Arthur Lira vai ao STF para Câmara decidir sobre cassação de Daniel Silveira

Revista Fórum – Durante julgamento que condenou Silveira à prisão, Lira, que é aliado de Bolsonaro, entrou com recurso pedindo ao STF que analise caso já extinto para que a Câmara dê a palavra final sobre perda de mandato.

Aliado de Jair Bolsonaro (PL), o presidente da Câmara, Arthur Lira (PP-AL), não esperou nem mesmo o final do julgamento que condenou Daniel Silveira (PTB-RJ) a 8 anos e 9 meses de prisão para protocolar um recurso para que a Câmara tenha a palavra final sobre a cassação de parlamentares, como no caso específico do deputado bolsonarista.

Sem citar o nome de Silveira, Lira protocolou um recurso em uma ação de 2018 sobre o tema às 18h15 desta quarta-feira (20), durante a sessão que julgava o deputado.

Na ação, o presidente da Câmara afirma que “diante das condenações penais transitadas em julgado, compete às Casas do Congresso Nacional decidir pela perda do mandato eletivo”.

O recurso mostra um jogo ensaiado entre Lira e Bolsonaro na defesa de Silveira já que muitos juristas defendem a perda automática do mandato de parlamentares diante de uma condenação da Suprema Corte.

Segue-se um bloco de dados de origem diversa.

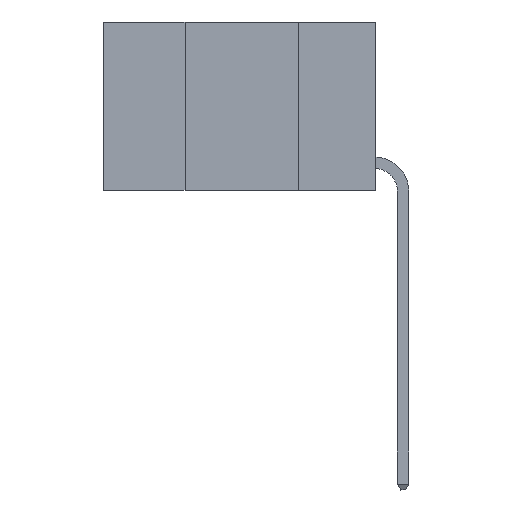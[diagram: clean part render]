
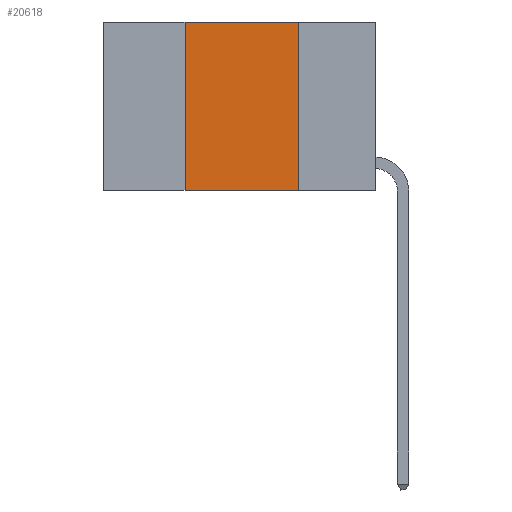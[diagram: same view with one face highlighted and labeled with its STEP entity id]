
A CAD part, left-side view. The second image highlights one B-rep face of the part: STEP entity #20618.
In plain terms, the highlighted planar face has unit normal (-1, 0, 0).
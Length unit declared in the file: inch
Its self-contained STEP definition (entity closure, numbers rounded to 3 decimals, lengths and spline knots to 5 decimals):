
#556 = PLANE ( 'NONE',  #19792 ) ;
#1643 = VERTEX_POINT ( 'NONE', #20932 ) ;
#2393 = CARTESIAN_POINT ( 'NONE',  ( 0., 0.6, 0. ) ) ;
#2949 = EDGE_CURVE ( 'NONE', #1643, #21310, #15569, .T. ) ;
#3889 = FACE_OUTER_BOUND ( 'NONE', #17061, .T. ) ;
#4131 = EDGE_CURVE ( 'NONE', #6672, #1643, #22421, .T. ) ;
#5615 = LINE ( 'NONE', #19598, #20854 ) ;
#6222 = EDGE_CURVE ( 'NONE', #21310, #9775, #22511, .T. ) ;
#6644 = CARTESIAN_POINT ( 'NONE',  ( 0., 0.17, 0. ) ) ;
#6672 = VERTEX_POINT ( 'NONE', #15722 ) ;
#7464 = DIRECTION ( 'NONE',  ( 0., -1., 0. ) ) ;
#8039 = CARTESIAN_POINT ( 'NONE',  ( 0., 0.17, -0.37 ) ) ;
#8578 = VECTOR ( 'NONE', #13695, 39.37008 ) ;
#8771 = DIRECTION ( 'NONE',  ( 0., -1., 0. ) ) ;
#9775 = VERTEX_POINT ( 'NONE', #8039 ) ;
#9782 = VECTOR ( 'NONE', #11507, 39.37008 ) ;
#10782 = DIRECTION ( 'NONE',  ( 0., 0., -1. ) ) ;
#11507 = DIRECTION ( 'NONE',  ( 0., 0., 1. ) ) ;
#13401 = ORIENTED_EDGE ( 'NONE', *, *, #18191, .T. ) ;
#13503 = ORIENTED_EDGE ( 'NONE', *, *, #4131, .F. ) ;
#13695 = DIRECTION ( 'NONE',  ( 0., 0., -1. ) ) ;
#14256 = DIRECTION ( 'NONE',  ( 1., 0., 0. ) ) ;
#14759 = ORIENTED_EDGE ( 'NONE', *, *, #6222, .F. ) ;
#15569 = LINE ( 'NONE', #17671, #19344 ) ;
#15722 = CARTESIAN_POINT ( 'NONE',  ( 0., 0.42, -0.37 ) ) ;
#16810 = ORIENTED_EDGE ( 'NONE', *, *, #2949, .F. ) ;
#17061 = EDGE_LOOP ( 'NONE', ( #14759, #16810, #13503, #13401 ) ) ;
#17671 = CARTESIAN_POINT ( 'NONE',  ( 0., 0.6, 0. ) ) ;
#18191 = EDGE_CURVE ( 'NONE', #6672, #9775, #5615, .T. ) ;
#18470 = CARTESIAN_POINT ( 'NONE',  ( 0., 0.42, 0. ) ) ;
#19163 = CARTESIAN_POINT ( 'NONE',  ( 0., 0.17, 0. ) ) ;
#19344 = VECTOR ( 'NONE', #8771, 39.37008 ) ;
#19598 = CARTESIAN_POINT ( 'NONE',  ( 0., 0.6, -0.37 ) ) ;
#19792 = AXIS2_PLACEMENT_3D ( 'NONE', #2393, #14256, #10782 ) ;
#20618 = ADVANCED_FACE ( 'NONE', ( #3889 ), #556, .F. ) ;
#20854 = VECTOR ( 'NONE', #7464, 39.37008 ) ;
#20932 = CARTESIAN_POINT ( 'NONE',  ( 0., 0.42, 0. ) ) ;
#21310 = VERTEX_POINT ( 'NONE', #19163 ) ;
#22421 = LINE ( 'NONE', #18470, #9782 ) ;
#22511 = LINE ( 'NONE', #6644, #8578 ) ;

A maioria dos ministros do STF defendem essa visão jurídica, que acarretaria na cassação de Silveira sem passar pelo Congresso.

A medida de Lira deve protelar a cassação de Silveira e dar fôlego ao político, que é pré-candidato ao Senado pelo PTB no Rio de Janeiro. 

A ação a que Lira recorreu – sobre o ex-deputado Paulo Feijó – havia sido extinta por Luís Roberto Barroso no dia 5 de abril por questões técnicas. 

No entanto, o presidente da Câmara pediu ao STF que volte a analisar o mérito da questão de fundo.

“A ação não possui como objeto simplesmente reverter a perda do mandato do ex-deputado federal Paulo Fernando Feijó, mas sim impedir que prerrogativas constitucionais da Câmara dos Deputados sejam subtraídas”, disse recurso de Lira.